Isn't a one-sided reconciliation still a reconciliation? It seems unrealistic to believe that two fallible, imperfect, human beings are going to be able to change everything that's wrong in their relationship and reach a state of perfection. Hopefully a reconciliation does not need to result in a perfect relationship to be considered successful, otherwise every R is a false R and every marriage is a false M. So if a couple can successfully reconcile but still have an imperfect relationship, the measure of a successful R must be something different. 

Isn't it just regaining the ability to commit to each other and to live a happy, rewarding life together, in spite of what failings may exist?


----------



## Lovemytruck (Jul 3, 2012)

remorseful strayer said:


> If a spouse doesn't end an affair immediately, and continues to see the OP, that's definitely a false R. Beyond that, it is not even any kind of R. It's a sham.
> 
> When the wayward has immediately stopped the affair, then, IMO, a lot of reconciliations fail because the loyal spouse refuses to focus on any or their own shortcomings.
> 
> ...


I see your point, and probably it is often true. Maybe not what a BS wants to hear.
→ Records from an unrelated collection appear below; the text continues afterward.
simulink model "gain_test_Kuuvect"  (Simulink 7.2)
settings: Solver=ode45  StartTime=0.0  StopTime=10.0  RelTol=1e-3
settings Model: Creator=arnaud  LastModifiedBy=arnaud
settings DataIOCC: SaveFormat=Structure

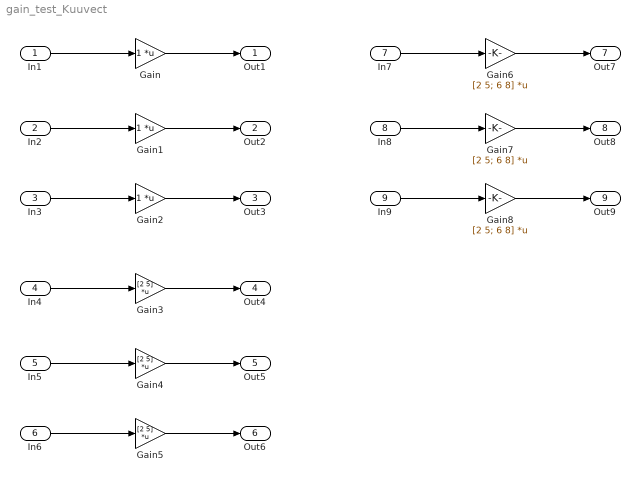
== system gain_test_Kuuvect ==
  In1 : Inport  DataType=double  OutDataType=sfix(16)  OutScaling=2^0  OutDataTypeStr=double
  In2 : Inport  Port=2  PortDimensions=1  DataType=int8  OutDataType=sfix(16)  OutScaling=2^0  OutDataTypeStr=int8
  In3 : Inport  Port=3  PortDimensions=1  DataType=boolean  OutDataType=sfix(16)  OutScaling=2^0  OutDataTypeStr=boolean
  In4 : Inport  Port=4  PortDimensions=2  DataType=double  OutDataType=sfix(16)  OutScaling=2^0  OutDataTypeStr=double
  In5 : Inport  Port=5  DataType=int8  OutDataType=sfix(16)  OutScaling=2^0  OutDataTypeStr=int8
  In6 : Inport  Port=6  DataType=boolean  OutDataType=sfix(16)  OutScaling=2^0  OutDataTypeStr=boolean
  In7 : Inport  Port=7  PortDimensions=[2 1]  DataType=double  OutDataType=sfix(16)  OutScaling=2^0  OutDataTypeStr=double
  In8 : Inport  Port=8  PortDimensions=[1 2]  DataType=int8  OutDataType=sfix(16)  OutScaling=2^0  OutDataTypeStr=int8
  In9 : Inport  Port=9  PortDimensions=[2 1]  DataType=boolean  OutDataType=sfix(16)  OutScaling=2^0  OutDataTypeStr=boolean
  Gain : Gain  Multiplication=Matrix(K*u) (u vector)  ParameterDataType=sfix(16)  ParameterScaling=2^0  OutDataType=sfix(16)  OutScaling=2^0
  Gain1 : Gain  Multiplication=Matrix(K*u) (u vector)  ParameterDataType=sfix(16)  ParameterScaling=2^0  OutDataType=sfix(16)  OutScaling=2^0
  Gain2 : Gain  Multiplication=Matrix(K*u) (u vector)  ParameterDataType=sfix(16)  ParameterScaling=2^0  OutDataType=sfix(16)  OutScaling=2^0
  Gain3 : Gain  Gain=[2 5]  Multiplication=Matrix(K*u) (u vector)  ParameterDataType=sfix(16)  ParameterScaling=2^0  OutDataType=sfix(16)  OutScaling=2^0
  Gain4 : Gain  Gain=[2 5]  Multiplication=Matrix(K*u) (u vector)  ParameterDataType=sfix(16)  ParameterScaling=2^0  OutDataType=sfix(16)  OutScaling=2^0
  Gain5 : Gain  Gain=[2 5]  Multiplication=Matrix(K*u) (u vector)  ParameterDataType=sfix(16)  ParameterScaling=2^0  OutDataType=sfix(16)  OutScaling=2^0
  Gain6 : Gain  Gain=[2 5; 6 8]  Multiplication=Matrix(K*u) (u vector)  ParameterDataType=sfix(16)  ParameterScaling=2^0  OutDataType=sfix(16)  OutScaling=2^0
  Gain7 : Gain  Gain=[2 5; 6 8]  Multiplication=Matrix(K*u) (u vector)  ParameterDataType=sfix(16)  ParameterScaling=2^0  OutDataType=sfix(16)  OutScaling=2^0
  Gain8 : Gain  Gain=[2 5; 6 8]  Multiplication=Matrix(K*u) (u vector)  ParameterDataType=sfix(16)  ParameterScaling=2^0  OutDataType=sfix(16)  OutScaling=2^0
  Out1 : Outport  OutDataType=sfix(16)  OutScaling=2^0
  Out2 : Outport  Port=2  OutDataType=sfix(16)  OutScaling=2^0
  Out3 : Outport  Port=3  OutDataType=sfix(16)  OutScaling=2^0
  Out4 : Outport  Port=4  OutDataType=sfix(16)  OutScaling=2^0
  Out5 : Outport  Port=5  OutDataType=sfix(16)  OutScaling=2^0
  Out6 : Outport  Port=6  OutDataType=sfix(16)  OutScaling=2^0
  Out7 : Outport  Port=7  OutDataType=sfix(16)  OutScaling=2^0
  Out8 : Outport  Port=8  OutDataType=sfix(16)  OutScaling=2^0
  Out9 : Outport  Port=9  OutDataType=sfix(16)  OutScaling=2^0
  wires:
  In1/1 -> Gain/1
  Gain/1 -> Out1/1
  In2/1 -> Gain1/1
  Gain1/1 -> Out2/1
  In3/1 -> Gain2/1
  Gain2/1 -> Out3/1
  In4/1 -> Gain3/1
  Gain3/1 -> Out4/1
  In5/1 -> Gain4/1
  Gain4/1 -> Out5/1
  In6/1 -> Gain5/1
  Gain5/1 -> Out6/1
  In7/1 -> Gain6/1
  Gain6/1 -> Out7/1
  In8/1 -> Gain7/1
  Gain7/1 -> Out8/1
  In9/1 -> Gain8/1
  Gain8/1 -> Out9/1

I would also suggest that these are also the reasons why a R is more difficult than a D.

It does take two to R. Many times the R is a desperate reaction to the hurt following d-day by the BS. Later the tables often turn and the resentment/anger becomes too great for the BS.

Blame? That would fall to the WS for instigating a betrayal.

Failure of the R? That would fall to either the WS, or the BS.

In the end I think MOST would be happier to D. Not knocking ANYONE trying to R. Most of us have tried after d-day.

This could be a good topic for thought.


----------



## Hope1964 (Sep 26, 2011)

ScrewedEverything said:


> Isn't a one-sided reconciliation still a reconciliation?


 No!! How could it be?



ScrewedEverything said:


> It seems unrealistic to believe that two fallible, imperfect, human beings are going to be able to change everything that's wrong in their relationship and reach a state of perfection.


 Perfection is neither realistic nor attainable. Nor, I would submit, desirable.



ScrewedEverything said:


> Hopefully a reconciliation does not need to result in a perfect relationship to be considered successful, otherwise every R is a false R and every marriage is a false M. So if a couple can successfully reconcile but still have an imperfect relationship, the measure of a successful R must be something different.
> 
> Isn't it just regaining the ability to commit to each other and to live a happy, rewarding life together, in spite of what failings may exist?


I would say so


----------



## Lovemytruck (Jul 3, 2012)

Back to the question:

I was in a false R for 8 months. It was false for the first couple of months for continued contact by my exWW with her AP.

It was false after that for a couple more months because of an undiscoverd EA she failed to mention (different AP - my former best friend).

It was false after that because I decided it was only a matter of time until I would end it in a D.

Total time - 8 months.


----------



## Healer (Jun 5, 2013)

10 weeks false R here. We tried hard - tons of hysterical bonding, reading all the books and doing the exercises, having a set amount of "us" time every day/week, her giving me passwords etc. However she was VERY quick to take on the "OK I'm ready for you to shower me with love and bring me flowers and give me compliments etc etc" (in other words "get over it" and treat me like the princess I am). I of course was nowhere near ready to do that, and these demands would cause me to get angry. It also lead me to believe she was not "truly" remorseful - she had a LOT more heavy lifting to do before I was going to put her back on that pedestal - she wasn't willing to wait.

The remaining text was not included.